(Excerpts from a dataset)

=-=-=-=-=

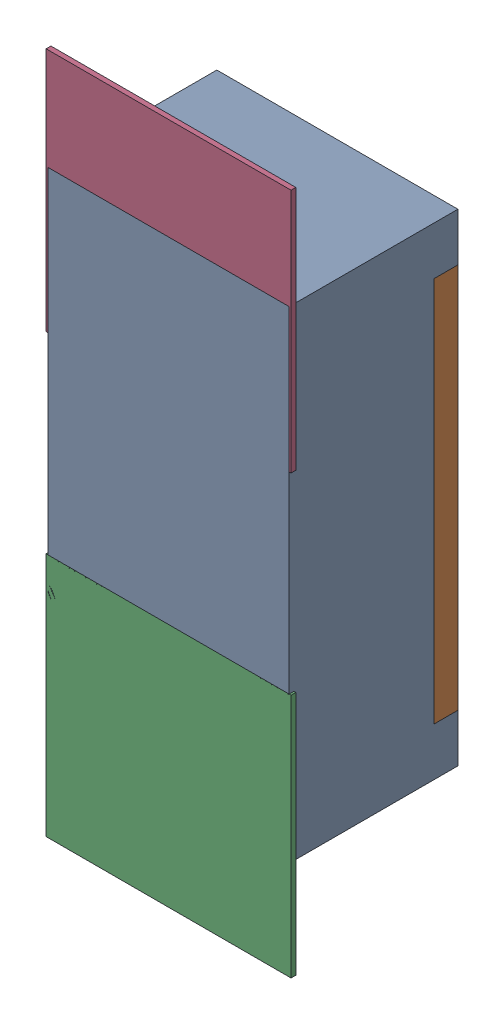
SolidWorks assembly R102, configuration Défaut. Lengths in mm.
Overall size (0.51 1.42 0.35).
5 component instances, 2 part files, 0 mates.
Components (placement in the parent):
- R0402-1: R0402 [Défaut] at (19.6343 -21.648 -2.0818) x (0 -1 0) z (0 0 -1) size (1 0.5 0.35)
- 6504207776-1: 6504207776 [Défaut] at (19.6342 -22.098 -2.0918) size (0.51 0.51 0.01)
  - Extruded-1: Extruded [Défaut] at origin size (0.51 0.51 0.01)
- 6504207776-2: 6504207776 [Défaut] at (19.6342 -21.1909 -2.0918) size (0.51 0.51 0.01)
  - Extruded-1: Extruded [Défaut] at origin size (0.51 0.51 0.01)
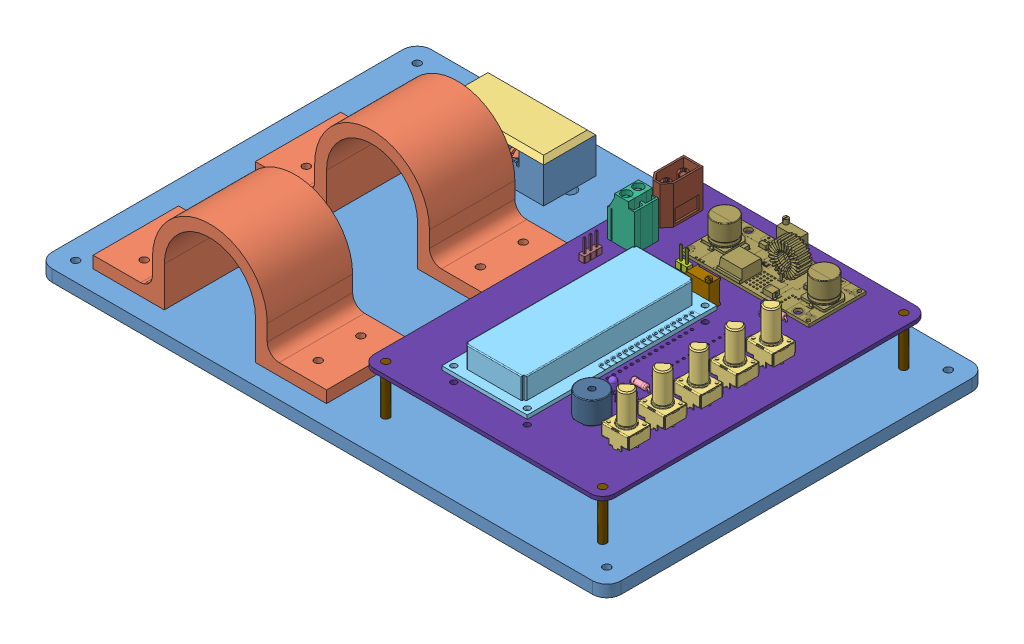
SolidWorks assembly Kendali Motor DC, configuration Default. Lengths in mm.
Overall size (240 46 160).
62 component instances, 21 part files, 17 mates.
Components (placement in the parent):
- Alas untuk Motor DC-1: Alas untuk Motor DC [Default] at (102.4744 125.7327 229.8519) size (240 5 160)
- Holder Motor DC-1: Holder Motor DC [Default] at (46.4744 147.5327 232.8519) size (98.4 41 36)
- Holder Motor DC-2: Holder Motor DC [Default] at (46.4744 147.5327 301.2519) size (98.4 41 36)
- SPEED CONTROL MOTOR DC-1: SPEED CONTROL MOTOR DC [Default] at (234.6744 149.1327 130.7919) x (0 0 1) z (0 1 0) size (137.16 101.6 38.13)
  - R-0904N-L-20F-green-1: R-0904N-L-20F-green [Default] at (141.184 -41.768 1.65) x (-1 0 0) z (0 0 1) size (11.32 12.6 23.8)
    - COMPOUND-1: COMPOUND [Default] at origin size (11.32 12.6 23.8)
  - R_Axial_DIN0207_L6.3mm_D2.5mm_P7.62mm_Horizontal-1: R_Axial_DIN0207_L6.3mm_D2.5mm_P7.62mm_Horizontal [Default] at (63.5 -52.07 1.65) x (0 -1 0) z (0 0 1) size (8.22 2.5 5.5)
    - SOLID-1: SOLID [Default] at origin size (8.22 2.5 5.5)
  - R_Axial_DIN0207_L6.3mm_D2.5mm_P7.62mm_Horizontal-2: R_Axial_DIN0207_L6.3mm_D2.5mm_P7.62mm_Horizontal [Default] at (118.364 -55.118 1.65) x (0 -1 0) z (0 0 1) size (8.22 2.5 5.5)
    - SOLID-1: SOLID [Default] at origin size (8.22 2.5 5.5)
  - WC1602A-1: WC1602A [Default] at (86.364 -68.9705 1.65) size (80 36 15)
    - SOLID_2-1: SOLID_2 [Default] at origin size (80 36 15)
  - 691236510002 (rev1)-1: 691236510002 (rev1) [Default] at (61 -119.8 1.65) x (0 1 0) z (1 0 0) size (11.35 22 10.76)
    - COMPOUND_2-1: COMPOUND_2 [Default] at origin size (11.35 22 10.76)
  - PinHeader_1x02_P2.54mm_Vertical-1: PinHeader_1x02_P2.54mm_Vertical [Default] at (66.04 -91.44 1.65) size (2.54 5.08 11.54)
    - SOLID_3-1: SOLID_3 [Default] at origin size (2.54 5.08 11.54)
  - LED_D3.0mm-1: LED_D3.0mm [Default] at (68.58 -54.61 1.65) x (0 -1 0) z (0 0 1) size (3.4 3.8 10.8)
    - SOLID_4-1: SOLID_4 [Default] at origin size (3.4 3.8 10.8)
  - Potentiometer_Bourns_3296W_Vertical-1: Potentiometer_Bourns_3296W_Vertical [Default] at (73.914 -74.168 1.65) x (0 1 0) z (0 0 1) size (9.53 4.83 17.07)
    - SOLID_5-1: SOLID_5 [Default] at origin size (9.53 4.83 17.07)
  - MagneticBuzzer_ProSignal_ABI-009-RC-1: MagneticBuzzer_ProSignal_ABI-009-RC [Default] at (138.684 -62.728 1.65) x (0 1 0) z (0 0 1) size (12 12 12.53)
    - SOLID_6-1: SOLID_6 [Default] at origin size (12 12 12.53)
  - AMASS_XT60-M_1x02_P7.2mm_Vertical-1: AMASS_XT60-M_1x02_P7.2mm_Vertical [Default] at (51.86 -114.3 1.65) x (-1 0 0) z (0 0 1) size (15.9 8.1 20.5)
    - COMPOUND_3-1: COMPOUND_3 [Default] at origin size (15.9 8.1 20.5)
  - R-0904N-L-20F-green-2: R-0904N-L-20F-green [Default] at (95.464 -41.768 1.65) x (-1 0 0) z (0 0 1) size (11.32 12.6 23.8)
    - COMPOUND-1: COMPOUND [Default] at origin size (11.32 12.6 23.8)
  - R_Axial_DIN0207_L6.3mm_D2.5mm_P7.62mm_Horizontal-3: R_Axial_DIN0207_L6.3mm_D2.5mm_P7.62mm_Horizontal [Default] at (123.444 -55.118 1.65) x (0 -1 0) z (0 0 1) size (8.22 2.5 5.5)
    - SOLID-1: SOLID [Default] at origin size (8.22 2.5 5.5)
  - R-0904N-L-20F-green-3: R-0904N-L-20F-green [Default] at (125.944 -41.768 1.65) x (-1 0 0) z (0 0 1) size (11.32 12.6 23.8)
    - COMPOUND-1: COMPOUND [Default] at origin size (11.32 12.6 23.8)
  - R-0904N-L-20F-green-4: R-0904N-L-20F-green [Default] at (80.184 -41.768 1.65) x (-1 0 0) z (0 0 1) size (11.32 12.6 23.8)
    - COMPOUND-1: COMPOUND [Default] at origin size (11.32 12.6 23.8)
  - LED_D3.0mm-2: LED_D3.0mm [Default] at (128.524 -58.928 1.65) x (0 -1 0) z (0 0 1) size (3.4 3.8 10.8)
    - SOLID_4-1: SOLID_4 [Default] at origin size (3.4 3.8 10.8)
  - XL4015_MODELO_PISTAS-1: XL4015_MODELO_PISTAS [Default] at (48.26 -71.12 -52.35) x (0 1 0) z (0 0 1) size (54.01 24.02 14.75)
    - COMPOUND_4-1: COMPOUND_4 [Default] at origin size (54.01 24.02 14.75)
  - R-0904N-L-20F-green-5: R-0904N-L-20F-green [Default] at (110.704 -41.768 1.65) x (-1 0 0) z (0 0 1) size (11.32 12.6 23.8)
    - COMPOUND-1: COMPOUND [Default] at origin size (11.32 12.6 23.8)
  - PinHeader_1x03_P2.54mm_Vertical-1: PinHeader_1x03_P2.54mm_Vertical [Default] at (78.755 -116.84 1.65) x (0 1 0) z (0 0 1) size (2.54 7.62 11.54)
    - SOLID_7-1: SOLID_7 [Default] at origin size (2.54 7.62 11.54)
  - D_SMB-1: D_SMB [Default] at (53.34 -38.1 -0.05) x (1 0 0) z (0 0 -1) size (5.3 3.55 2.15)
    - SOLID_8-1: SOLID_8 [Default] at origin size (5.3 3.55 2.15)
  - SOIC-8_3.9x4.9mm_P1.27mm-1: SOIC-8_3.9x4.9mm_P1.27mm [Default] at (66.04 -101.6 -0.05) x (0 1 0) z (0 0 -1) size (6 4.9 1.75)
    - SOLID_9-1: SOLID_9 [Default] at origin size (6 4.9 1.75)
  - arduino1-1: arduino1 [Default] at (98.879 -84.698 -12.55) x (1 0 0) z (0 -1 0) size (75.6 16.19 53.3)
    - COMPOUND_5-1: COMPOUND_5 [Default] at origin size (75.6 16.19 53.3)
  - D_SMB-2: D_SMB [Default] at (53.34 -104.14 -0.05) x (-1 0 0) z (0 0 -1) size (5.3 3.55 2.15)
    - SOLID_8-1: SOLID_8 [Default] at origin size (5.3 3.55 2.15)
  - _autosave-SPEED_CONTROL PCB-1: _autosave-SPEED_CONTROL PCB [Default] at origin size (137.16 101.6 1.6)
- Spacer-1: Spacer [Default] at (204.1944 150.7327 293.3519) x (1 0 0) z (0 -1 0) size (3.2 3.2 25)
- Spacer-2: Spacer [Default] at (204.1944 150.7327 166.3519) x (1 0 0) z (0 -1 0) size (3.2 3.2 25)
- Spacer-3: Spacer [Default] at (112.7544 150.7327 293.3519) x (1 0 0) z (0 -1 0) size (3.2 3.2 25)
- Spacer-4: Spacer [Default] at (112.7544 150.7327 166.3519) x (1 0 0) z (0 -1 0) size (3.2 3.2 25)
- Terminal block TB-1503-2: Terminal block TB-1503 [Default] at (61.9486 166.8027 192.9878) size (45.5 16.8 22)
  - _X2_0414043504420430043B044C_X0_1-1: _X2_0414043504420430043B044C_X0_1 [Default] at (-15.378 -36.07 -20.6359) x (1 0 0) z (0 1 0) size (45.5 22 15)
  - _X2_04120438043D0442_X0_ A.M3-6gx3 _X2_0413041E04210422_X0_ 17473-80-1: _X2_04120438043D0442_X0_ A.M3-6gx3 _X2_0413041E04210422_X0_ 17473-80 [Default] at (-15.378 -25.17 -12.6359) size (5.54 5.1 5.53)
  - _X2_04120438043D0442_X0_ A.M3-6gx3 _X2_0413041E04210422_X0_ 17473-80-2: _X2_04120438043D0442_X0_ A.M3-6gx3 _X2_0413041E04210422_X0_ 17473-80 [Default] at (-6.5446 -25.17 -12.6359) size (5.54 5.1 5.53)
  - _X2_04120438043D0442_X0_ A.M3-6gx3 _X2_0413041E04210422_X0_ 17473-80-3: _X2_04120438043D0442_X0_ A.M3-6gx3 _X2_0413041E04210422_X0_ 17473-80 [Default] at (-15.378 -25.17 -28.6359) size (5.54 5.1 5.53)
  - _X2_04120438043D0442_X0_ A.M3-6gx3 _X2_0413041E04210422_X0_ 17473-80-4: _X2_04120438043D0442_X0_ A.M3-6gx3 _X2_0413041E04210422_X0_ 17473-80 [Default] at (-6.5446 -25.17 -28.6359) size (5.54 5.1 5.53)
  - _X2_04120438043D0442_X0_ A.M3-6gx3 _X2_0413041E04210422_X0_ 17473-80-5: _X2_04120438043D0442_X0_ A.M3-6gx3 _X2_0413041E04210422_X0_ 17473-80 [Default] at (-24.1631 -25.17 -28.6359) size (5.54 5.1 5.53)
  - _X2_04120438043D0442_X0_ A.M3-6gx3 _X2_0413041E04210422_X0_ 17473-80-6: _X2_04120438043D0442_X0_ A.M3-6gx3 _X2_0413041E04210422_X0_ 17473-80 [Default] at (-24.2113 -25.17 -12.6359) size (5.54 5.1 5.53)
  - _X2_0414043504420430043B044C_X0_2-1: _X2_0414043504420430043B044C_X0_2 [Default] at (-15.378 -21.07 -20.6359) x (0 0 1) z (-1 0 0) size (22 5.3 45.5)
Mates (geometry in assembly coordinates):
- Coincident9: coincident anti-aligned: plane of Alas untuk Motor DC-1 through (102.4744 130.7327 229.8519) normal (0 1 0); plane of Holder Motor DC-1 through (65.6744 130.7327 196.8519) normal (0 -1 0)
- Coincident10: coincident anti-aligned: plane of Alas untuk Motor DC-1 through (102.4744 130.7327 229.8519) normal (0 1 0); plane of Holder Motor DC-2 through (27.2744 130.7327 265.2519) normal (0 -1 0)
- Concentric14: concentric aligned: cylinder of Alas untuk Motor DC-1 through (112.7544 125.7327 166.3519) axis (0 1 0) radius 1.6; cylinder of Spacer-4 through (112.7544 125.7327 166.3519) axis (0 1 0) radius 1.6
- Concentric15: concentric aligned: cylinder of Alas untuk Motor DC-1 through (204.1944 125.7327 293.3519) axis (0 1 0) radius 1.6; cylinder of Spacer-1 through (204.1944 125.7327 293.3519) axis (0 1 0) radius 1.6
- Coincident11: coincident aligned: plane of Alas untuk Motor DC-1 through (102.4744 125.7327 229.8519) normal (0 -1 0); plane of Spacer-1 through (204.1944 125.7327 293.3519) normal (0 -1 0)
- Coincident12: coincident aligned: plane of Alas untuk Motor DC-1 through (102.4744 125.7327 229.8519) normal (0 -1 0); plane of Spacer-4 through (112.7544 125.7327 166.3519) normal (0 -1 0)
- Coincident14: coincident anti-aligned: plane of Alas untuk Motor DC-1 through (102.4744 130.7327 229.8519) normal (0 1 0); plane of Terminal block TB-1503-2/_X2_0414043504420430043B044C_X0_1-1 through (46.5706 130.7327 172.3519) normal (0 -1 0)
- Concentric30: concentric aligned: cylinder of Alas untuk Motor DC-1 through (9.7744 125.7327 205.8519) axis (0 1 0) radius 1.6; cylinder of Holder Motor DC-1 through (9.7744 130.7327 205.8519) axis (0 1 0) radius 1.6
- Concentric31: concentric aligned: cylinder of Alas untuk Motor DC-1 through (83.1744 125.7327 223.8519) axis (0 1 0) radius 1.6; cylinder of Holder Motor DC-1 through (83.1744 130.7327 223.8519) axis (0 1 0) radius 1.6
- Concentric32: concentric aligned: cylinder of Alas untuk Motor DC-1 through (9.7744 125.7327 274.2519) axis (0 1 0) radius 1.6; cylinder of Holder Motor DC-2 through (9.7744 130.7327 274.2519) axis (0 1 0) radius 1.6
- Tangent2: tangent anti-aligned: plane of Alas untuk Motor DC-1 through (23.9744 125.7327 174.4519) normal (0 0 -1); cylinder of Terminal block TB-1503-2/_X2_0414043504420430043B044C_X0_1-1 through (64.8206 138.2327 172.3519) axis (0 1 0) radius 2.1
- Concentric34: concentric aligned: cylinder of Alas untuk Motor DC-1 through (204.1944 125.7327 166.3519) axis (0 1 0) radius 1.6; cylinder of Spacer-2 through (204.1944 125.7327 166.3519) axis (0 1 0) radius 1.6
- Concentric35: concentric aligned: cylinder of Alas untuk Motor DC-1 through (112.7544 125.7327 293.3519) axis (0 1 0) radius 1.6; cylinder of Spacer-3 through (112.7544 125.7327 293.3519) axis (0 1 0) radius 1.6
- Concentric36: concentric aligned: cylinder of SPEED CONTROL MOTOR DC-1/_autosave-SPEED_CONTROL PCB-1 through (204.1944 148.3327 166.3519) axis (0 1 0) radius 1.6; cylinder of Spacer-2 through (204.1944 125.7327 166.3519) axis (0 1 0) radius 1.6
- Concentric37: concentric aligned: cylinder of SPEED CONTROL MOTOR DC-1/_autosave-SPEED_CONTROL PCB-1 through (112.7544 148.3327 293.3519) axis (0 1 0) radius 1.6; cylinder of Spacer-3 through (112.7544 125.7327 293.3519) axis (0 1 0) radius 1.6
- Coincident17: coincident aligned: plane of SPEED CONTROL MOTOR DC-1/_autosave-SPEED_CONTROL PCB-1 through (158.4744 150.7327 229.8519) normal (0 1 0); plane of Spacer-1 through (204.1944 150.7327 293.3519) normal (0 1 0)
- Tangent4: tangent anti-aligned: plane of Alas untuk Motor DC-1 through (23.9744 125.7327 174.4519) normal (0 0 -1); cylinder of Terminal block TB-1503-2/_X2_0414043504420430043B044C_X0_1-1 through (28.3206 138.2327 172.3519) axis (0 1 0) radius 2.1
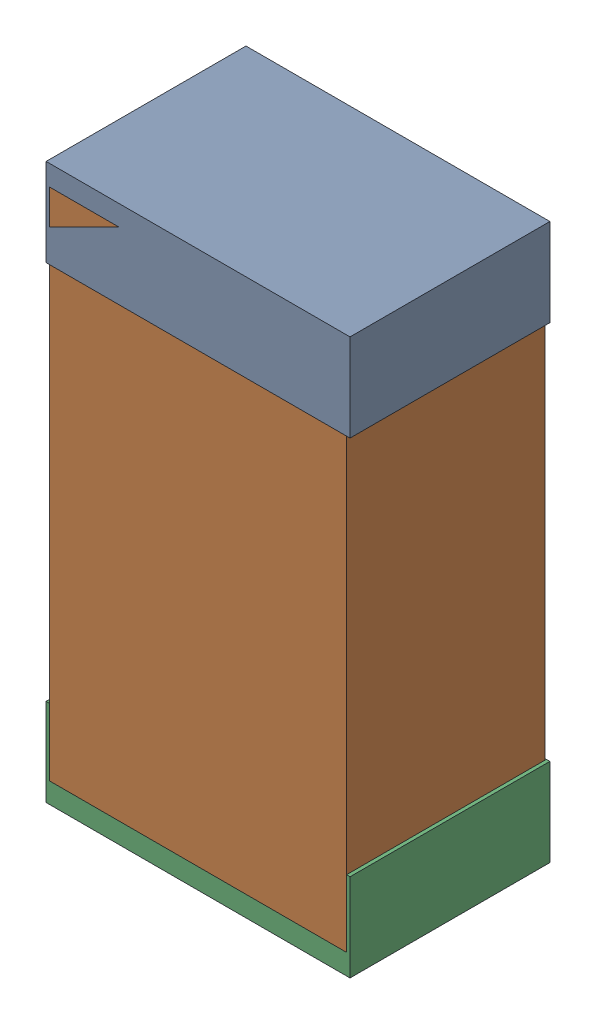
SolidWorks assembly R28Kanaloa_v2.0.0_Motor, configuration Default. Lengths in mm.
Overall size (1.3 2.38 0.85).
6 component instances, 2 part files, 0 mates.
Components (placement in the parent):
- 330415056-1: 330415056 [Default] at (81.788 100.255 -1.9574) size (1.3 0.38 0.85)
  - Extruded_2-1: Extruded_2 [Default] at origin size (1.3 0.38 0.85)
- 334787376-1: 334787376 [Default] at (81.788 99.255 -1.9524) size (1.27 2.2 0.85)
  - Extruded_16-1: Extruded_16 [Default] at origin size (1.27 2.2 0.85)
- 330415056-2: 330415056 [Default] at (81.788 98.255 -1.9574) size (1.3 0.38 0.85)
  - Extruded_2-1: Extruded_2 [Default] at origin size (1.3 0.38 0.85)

=-=-=-=-=

Exactly as written, reproduce the lines from the one containing "- Tangent4: tangent" through the last line of the entries above, and leave every picture out.

=== ANSWER AREA ===
- Tangent4: tangent anti-aligned: plane of Alas untuk Motor DC-1 through (23.9744 125.7327 174.4519) normal (0 0 -1); cylinder of Terminal block TB-1503-2/_X2_0414043504420430043B044C_X0_1-1 through (28.3206 138.2327 172.3519) axis (0 1 0) radius 2.1
SolidWorks assembly R28Kanaloa_v2.0.0_Motor, configuration Default. Lengths in mm.
Overall size (1.3 2.38 0.85).
6 component instances, 2 part files, 0 mates.
Components (placement in the parent):
- 330415056-1: 330415056 [Default] at (81.788 100.255 -1.9574) size (1.3 0.38 0.85)
  - Extruded_2-1: Extruded_2 [Default] at origin size (1.3 0.38 0.85)
- 334787376-1: 334787376 [Default] at (81.788 99.255 -1.9524) size (1.27 2.2 0.85)
  - Extruded_16-1: Extruded_16 [Default] at origin size (1.27 2.2 0.85)
- 330415056-2: 330415056 [Default] at (81.788 98.255 -1.9574) size (1.3 0.38 0.85)
  - Extruded_2-1: Extruded_2 [Default] at origin size (1.3 0.38 0.85)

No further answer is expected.